Clinically, isolated ALS and ND are difficult to identify since both exhibit irregular round or polygonal macules, segmental distribution, and leucotrichia. Histopathologically, both can have normal or reduced melanocyte numbers [24]. Dermoscopically, ND lesions with a faint network are easily distinguished from ALS lesions, which have always had a decreased pigment network. When diminished pigment network presented in ND lesions, ND and ALS differed solely in the borders, which were well-defined in ND but always ill-defined in ALS.

This study showed that dermoscopy can help specifying vitiligo from other hypopigmented disorders. The starburst pattern, micro-koebnerization, and trichrome pattern were unique to vitiligo diagnosis. Vitiligo had higher comet-tail appearance, perifollicular pigmentation, and perilesional hyperpigmentation than other hypopigmented lesions. Other hypopigmented dermatoses have greater incidence of amoeboid pattern, faint pigment network, diminished pigment network, islands of pigmentation, ill-defined borders, pseudopods, and widespread scaling than vitiligo. Finally, perifollicular scaling, comedo-like openings, blue-grey specks, and fibrotic patches excluded vitiligo.

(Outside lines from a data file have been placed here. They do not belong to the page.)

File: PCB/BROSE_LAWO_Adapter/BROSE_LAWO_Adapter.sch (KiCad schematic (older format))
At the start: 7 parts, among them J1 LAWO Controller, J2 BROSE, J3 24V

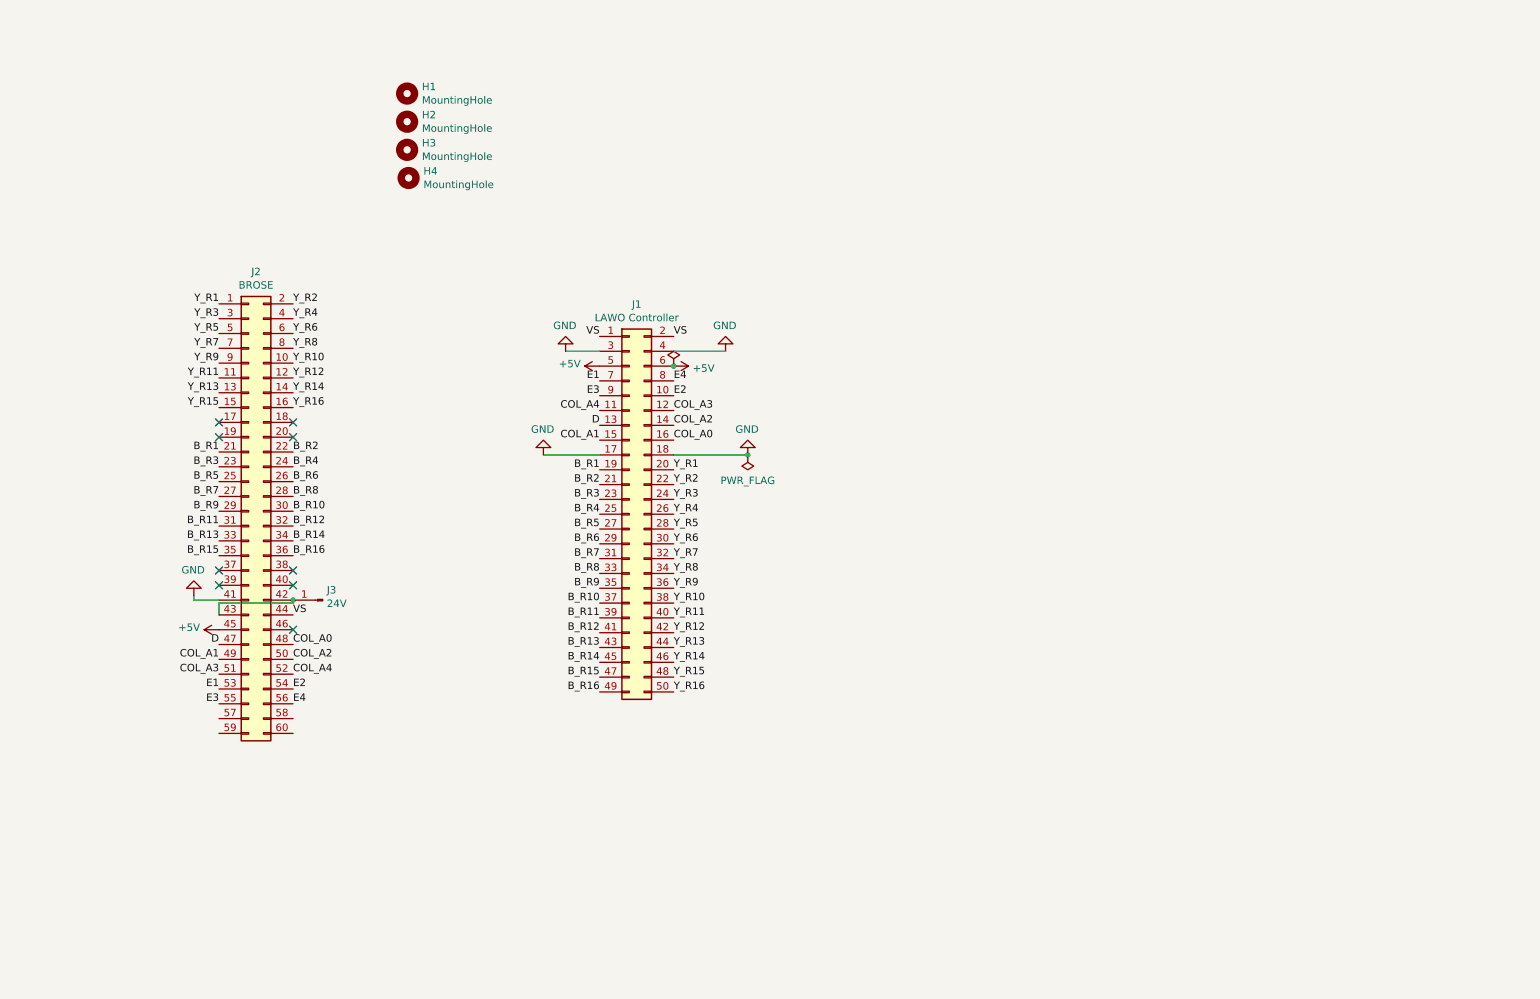
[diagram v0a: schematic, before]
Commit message: update BROSE_LAWO Adapter PCB
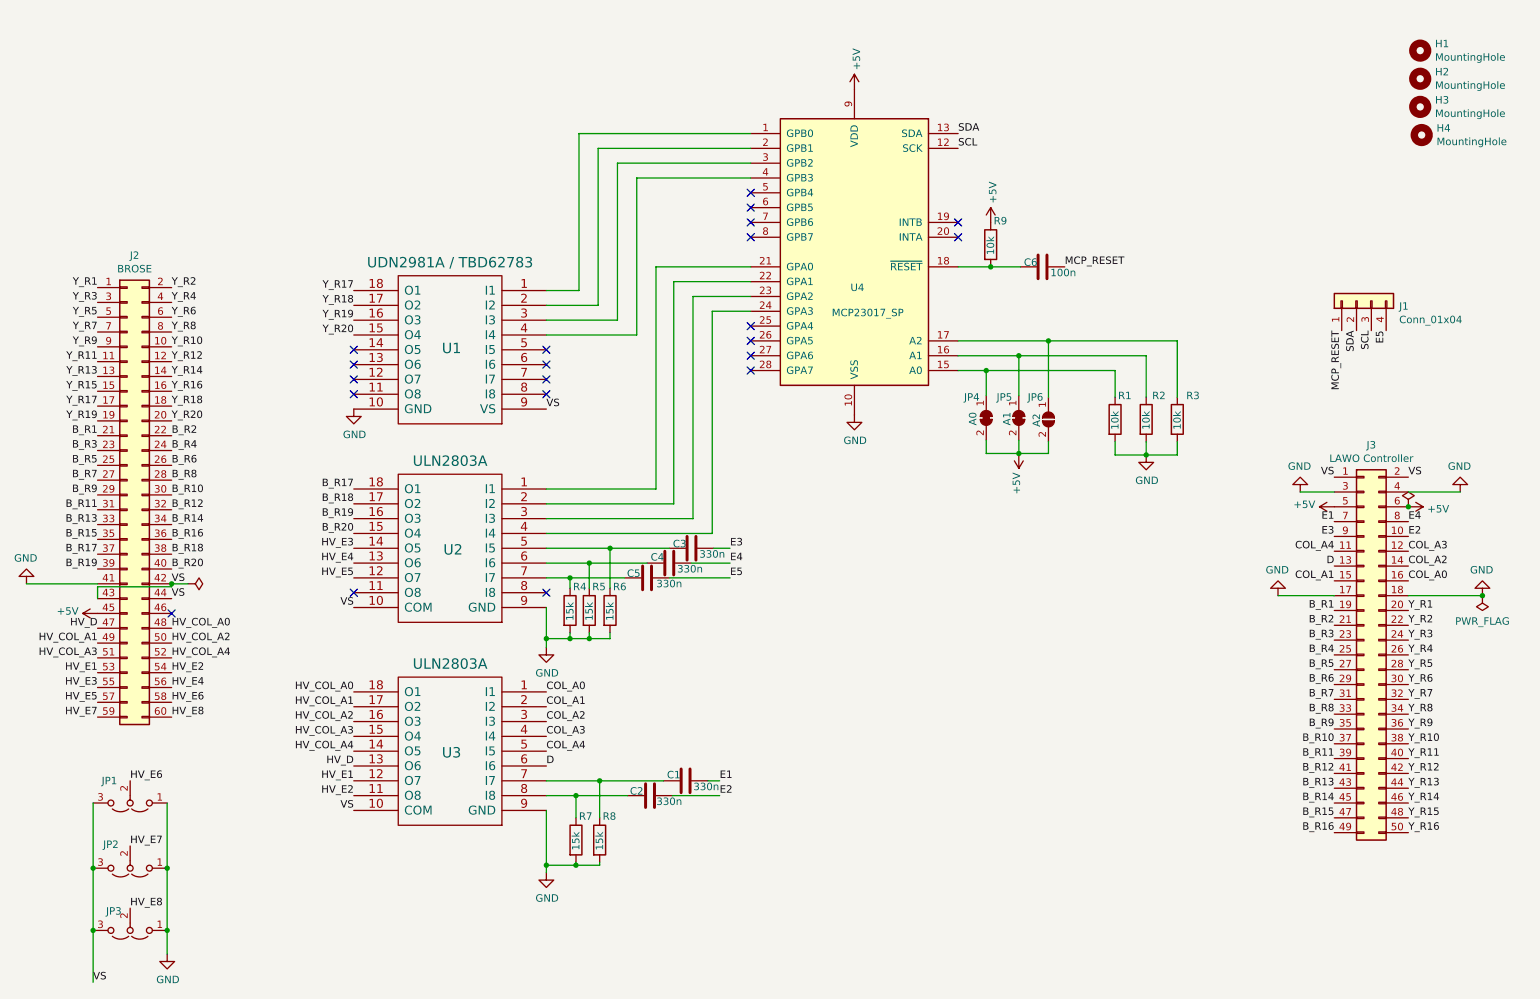
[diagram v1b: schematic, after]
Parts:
- removed J3: 24V, Connector_PinHeader_2.54mm:PinHeader_1x01_P2.54mm_Vertical, symbol Connector:Conn_01x01_Male
- added C1, C2, C3, C4, C5: 330n, Capacitor_THT:C_Rect_L10.0mm_W4.0mm_P7.50mm_MKS4, symbol Device:C
- added C6: 100n, Capacitor_SMD:C_0805_2012Metric_Pad1.15x1.40mm_HandSolder, symbol Device:C
- added J1: Conn_01x04, Connector_PinHeader_2.54mm:PinHeader_1x04_P2.54mm_Vertical, symbol Connector_Generic:Conn_01x04
- added JP1: E6, Connector_PinHeader_2.54mm:PinHeader_1x03_P2.54mm_Vertical, symbol Jumper:Jumper_3_Open
- added JP2: E7, Connector_PinHeader_2.54mm:PinHeader_1x03_P2.54mm_Vertical, symbol Jumper:Jumper_3_Open
- added JP3: E8, Connector_PinHeader_2.54mm:PinHeader_1x03_P2.54mm_Vertical, symbol Jumper:Jumper_3_Open
- added JP4: A0, Jumper:SolderJumper-2_P1.3mm_Bridged_RoundedPad1.0x1.5mm, symbol Jumper:SolderJumper_2_Bridged
- added JP5: A1, Jumper:SolderJumper-2_P1.3mm_Bridged_RoundedPad1.0x1.5mm, symbol Jumper:SolderJumper_2_Bridged
- added JP6: A2, Jumper:SolderJumper-2_P1.3mm_Open_RoundedPad1.0x1.5mm, symbol Jumper:SolderJumper_2_Open
- added R1, R2, R3, R9: 10k, Resistor_SMD:R_0805_2012Metric_Pad1.15x1.40mm_HandSolder, symbol Device:R
- added R4, R5, R6, R7, R8: 15k, Resistor_THT:R_Axial_DIN0204_L3.6mm_D1.6mm_P2.54mm_Vertical, symbol Device:R
- added U1: UDN2981A / TBD62783, Package_DIP:DIP-18_W7.62mm_Socket, symbol LAWO_ESP32-rescue:UDN2981A
- added U2, U3: ULN2803A, Package_DIP:DIP-18_W7.62mm_Socket, symbol LAWO_ESP32-rescue:ULN2803A
- added U4: MCP23017_SP, Package_DIP:DIP-28_W7.62mm, symbol Interface_Expansion:MCP23017_SP
- renumbered J1 to J3
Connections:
- net +5V: now also JP4.2 (B), JP5.2 (B), JP6.2 (B), R9.1, U4.9 (VDD)
- net COL_A0: now also U3.1 (I1); no longer J2.48 (Pin_48)
- net COL_A1: now also U3.2 (I2); no longer J2.49 (Pin_49)
- net COL_A2: now also U3.3 (I3); no longer J2.50 (Pin_50)
- net COL_A3: now also U3.4 (I4); no longer J2.51 (Pin_51)
- net COL_A4: now also U3.5 (I5); no longer J2.52 (Pin_52)
- net D: now also U3.6 (I6); no longer J2.47 (Pin_47)
- net E1: now also C1.2; no longer J2.53 (Pin_53)
- net E2: now also C2.2; no longer J2.54 (Pin_54)
- net E3: now also C3.2; no longer J2.55 (Pin_55)
- net E4: now also C4.2; no longer J2.56 (Pin_56)
- net GND: now also JP1.1 (A), JP2.1 (A), JP3.1 (A), R1.2, R2.2, R3.2, R4.2, R5.2, R6.2, R7.2, R8.2, U1.10 (GND), U2.9 (GND), U3.9 (GND), U4.10 (VSS)
- net VS: now also J2.42 (Pin_42), J2.43 (Pin_43), JP1.3 (B), JP2.3 (B), JP3.3 (B), U1.9 (VS), U2.10 (COM), U3.10 (COM)
- net Y_R17: now reaches J2.17 (Pin_17)
- net Y_R17: now also U1.18 (O1)
- net Y_R18: now reaches J2.18 (Pin_18)
- net Y_R18: now also U1.17 (O2)
- net Y_R19: now reaches J2.19 (Pin_19)
- net Y_R19: now also U1.16 (O3)
- net Y_R20: now reaches J2.20 (Pin_20)
- net Y_R20: now also U1.15 (O4)
- net B_R17: now reaches J2.37 (Pin_37)
- net B_R17: now also U2.18 (O1)
- net B_R18: now reaches J2.38 (Pin_38)
- net B_R18: now also U2.17 (O2)
- net B_R19: now reaches J2.39 (Pin_39)
- net B_R19: now also U2.16 (O3)
- net B_R20: now reaches J2.40 (Pin_40)
- net B_R20: now also U2.15 (O4)
- net HV_E5: now reaches J2.57 (Pin_57)
- net HV_E5: now also U2.12 (O7)
- net HV_E6: now reaches J2.58 (Pin_58)
- net HV_E6: now also JP1.2 (C)
- net HV_E7: now reaches J2.59 (Pin_59)
- net HV_E7: now also JP2.2 (C)
- net HV_E8: now reaches J2.60 (Pin_60)
- net HV_E8: now also JP3.2 (C)
- new net: U1.1 (I1), U4.1 (GPB0)
- new net: JP4.1 (A), R1.1, U4.15 (A0)
- new net: JP5.1 (A), R2.1, U4.16 (A1)
- new net: JP6.1 (A), R3.1, U4.17 (A2)
- new net: C6.1, R9.2, U4.18 (~RESET~)
- new net: U1.2 (I2), U4.2 (GPB1)
- new net: U2.1 (I1), U4.21 (GPA0)
- new net: U2.2 (I2), U4.22 (GPA1)
- new net: U2.3 (I3), U4.23 (GPA2)
- new net: U2.4 (I4), U4.24 (GPA3)
- new net: U1.3 (I3), U4.3 (GPB2)
- new net: U1.4 (I4), U4.4 (GPB3)
- new net: C1.1, R8.1, U3.7 (I7)
- new net: C2.1, R7.1, U3.8 (I8)
- new net: C3.1, R6.1, U2.5 (I5)
- new net: C4.1, R5.1, U2.6 (I6)
- new net: C5.1, R4.1, U2.7 (I7)
- new net E5: C5.2, J1.4 (Pin_4)
- new net HV_COL_A0: J2.48 (Pin_48), U3.18 (O1)
- new net HV_COL_A1: J2.49 (Pin_49), U3.17 (O2)
- new net HV_COL_A2: J2.50 (Pin_50), U3.16 (O3)
- new net HV_COL_A3: J2.51 (Pin_51), U3.15 (O4)
- new net HV_COL_A4: J2.52 (Pin_52), U3.14 (O5)
- new net HV_D: J2.47 (Pin_47), U3.13 (O6)
- new net HV_E1: J2.53 (Pin_53), U3.12 (O7)
- new net HV_E2: J2.54 (Pin_54), U3.11 (O8)
- new net HV_E3: J2.55 (Pin_55), U2.14 (O5)
- new net HV_E4: J2.56 (Pin_56), U2.13 (O6)
- new net MCP_RESET: C6.2, J1.1 (Pin_1)
- new net SCL: J1.3 (Pin_3), U4.12 (SCK)
- new net SDA: J1.2 (Pin_2), U4.13 (SDA)
- no-connect marks 9 -> 21
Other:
- moved on the sheet: H1, H2, H3, H4, J2, J3

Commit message: update
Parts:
- removed J1: Conn_01x04, Connector_PinHeader_2.54mm:PinHeader_1x04_P2.54mm_Vertical, symbol Connector_Generic:Conn_01x04
- added J2: LAWO Controller 20p, Connector_IDC:IDC-Header_2x10_P2.54mm_Vertical, symbol Connector_Generic:Conn_02x10_Odd_Even
- added U5, U6: 4049, Package_DIP:DIP-16_W7.62mm_Socket, symbol 4xxx:4049
- H1, H2, H3, H4: footprint MountingHole:MountingHole_2.7mm_Pad -> Connect:1pin
- U4: footprint Package_DIP:DIP-28_W7.62mm -> Package_DIP:DIP-28_W7.62mm_Socket
- renumbered J3 to J1, J2 to J3
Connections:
- net +5V: now also J2.19 (Pin_19), J2.20 (Pin_20), J2.4 (Pin_4), J2.6 (Pin_6), U5.1 (VCC), U6.1 (VCC)
- net COL_A0: now also U5.3; no longer U3.1 (I1)
- net COL_A1: now also U5.5; no longer U3.2 (I2)
- net COL_A2: now also U5.7; no longer U3.3 (I3)
- net COL_A3: now also U5.9; no longer U3.4 (I4)
- net COL_A4: now also U5.11; no longer U3.5 (I5)
- net D: now also U5.14; no longer U3.6 (I6)
- net E1: now also U6.3; no longer C1.2
- net E2: now also U6.5; no longer C2.2
- net E3: now also U6.7; no longer C3.2
- net E4: now also U6.9; no longer C4.2
- net E5: now also J2.9 (Pin_9), U6.11; no longer C5.2
- net GND: now also J2.1 (Pin_1), J2.2 (Pin_2), J2.3 (Pin_3), J2.5 (Pin_5), U5.8 (VSS), U6.8 (VSS)
- net MCP_RESET: now also J2.11 (Pin_11)
- net SCL: now also J2.13 (Pin_13)
- net SDA: now also J2.15 (Pin_15)
- new net: U3.1 (I1), U5.2
- new net: U3.2 (I2), U5.4
- new net: U3.3 (I3), U5.6
- new net: U3.4 (I4), U5.10
- new net: U3.5 (I5), U5.12
- new net: U3.6 (I6), U5.15
- new net: C1.2, U6.2
- new net: C2.2, U6.4
- new net: C3.2, U6.6
- new net: C4.2, U6.10
- new net: C5.2, U6.12
- no-connect marks 21 -> 31
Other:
- moved on the sheet: J1

The research limitations include being a single-centre study with only Egyptian Caucasian participants, most of whom were Fitzpatrick skin types III and IV. Ethnic, regional, and phototype variables might alter clinical and dermoscopic pictures of hypopigmented skin lesions, hence bigger population-based, multicenter investigations with patients of diverse races are required. Second, this study did not include other hypo or depigmenting skin conditions, such as post-eruptive hypopigmentation, progressive macular hypomelanosis, leprosy, and chemical-induced leukoderma. Therefore, extending similar studies to additional hypo or depigmented dermatoses would be valuable.

Conclusion

Dermoscopy can help sensitively identify common hypopigmented skin lesions and reduce the need for skin biopsy, particularly in misleading cases of IGH, PA, and ND. Dermoscopy yields specific findings which could assist in the diagnosis and differentiation of vitiligo, hypopigmented MF, IGH, and PA. It is extremely useful in distinguishing vitiligo from other hypopigmented dermatoses. If diagnostic doubt remains with dermoscopy then the lesion should be biopsied. Unfortunately, in some hypopigmented lesions of nevus depigmentosus, pityriasis alba, and hypopigmented pityriasis versicolor, histopathological examination is of limited diagnostic value. In cases of diagnostic confusion, it is more important to combine the appearance of the lesions, medical history or other non-invasive examination methods such as Wood’s lamp examination and reflectance confocal microscopy. There are some limitations to dermoscopy.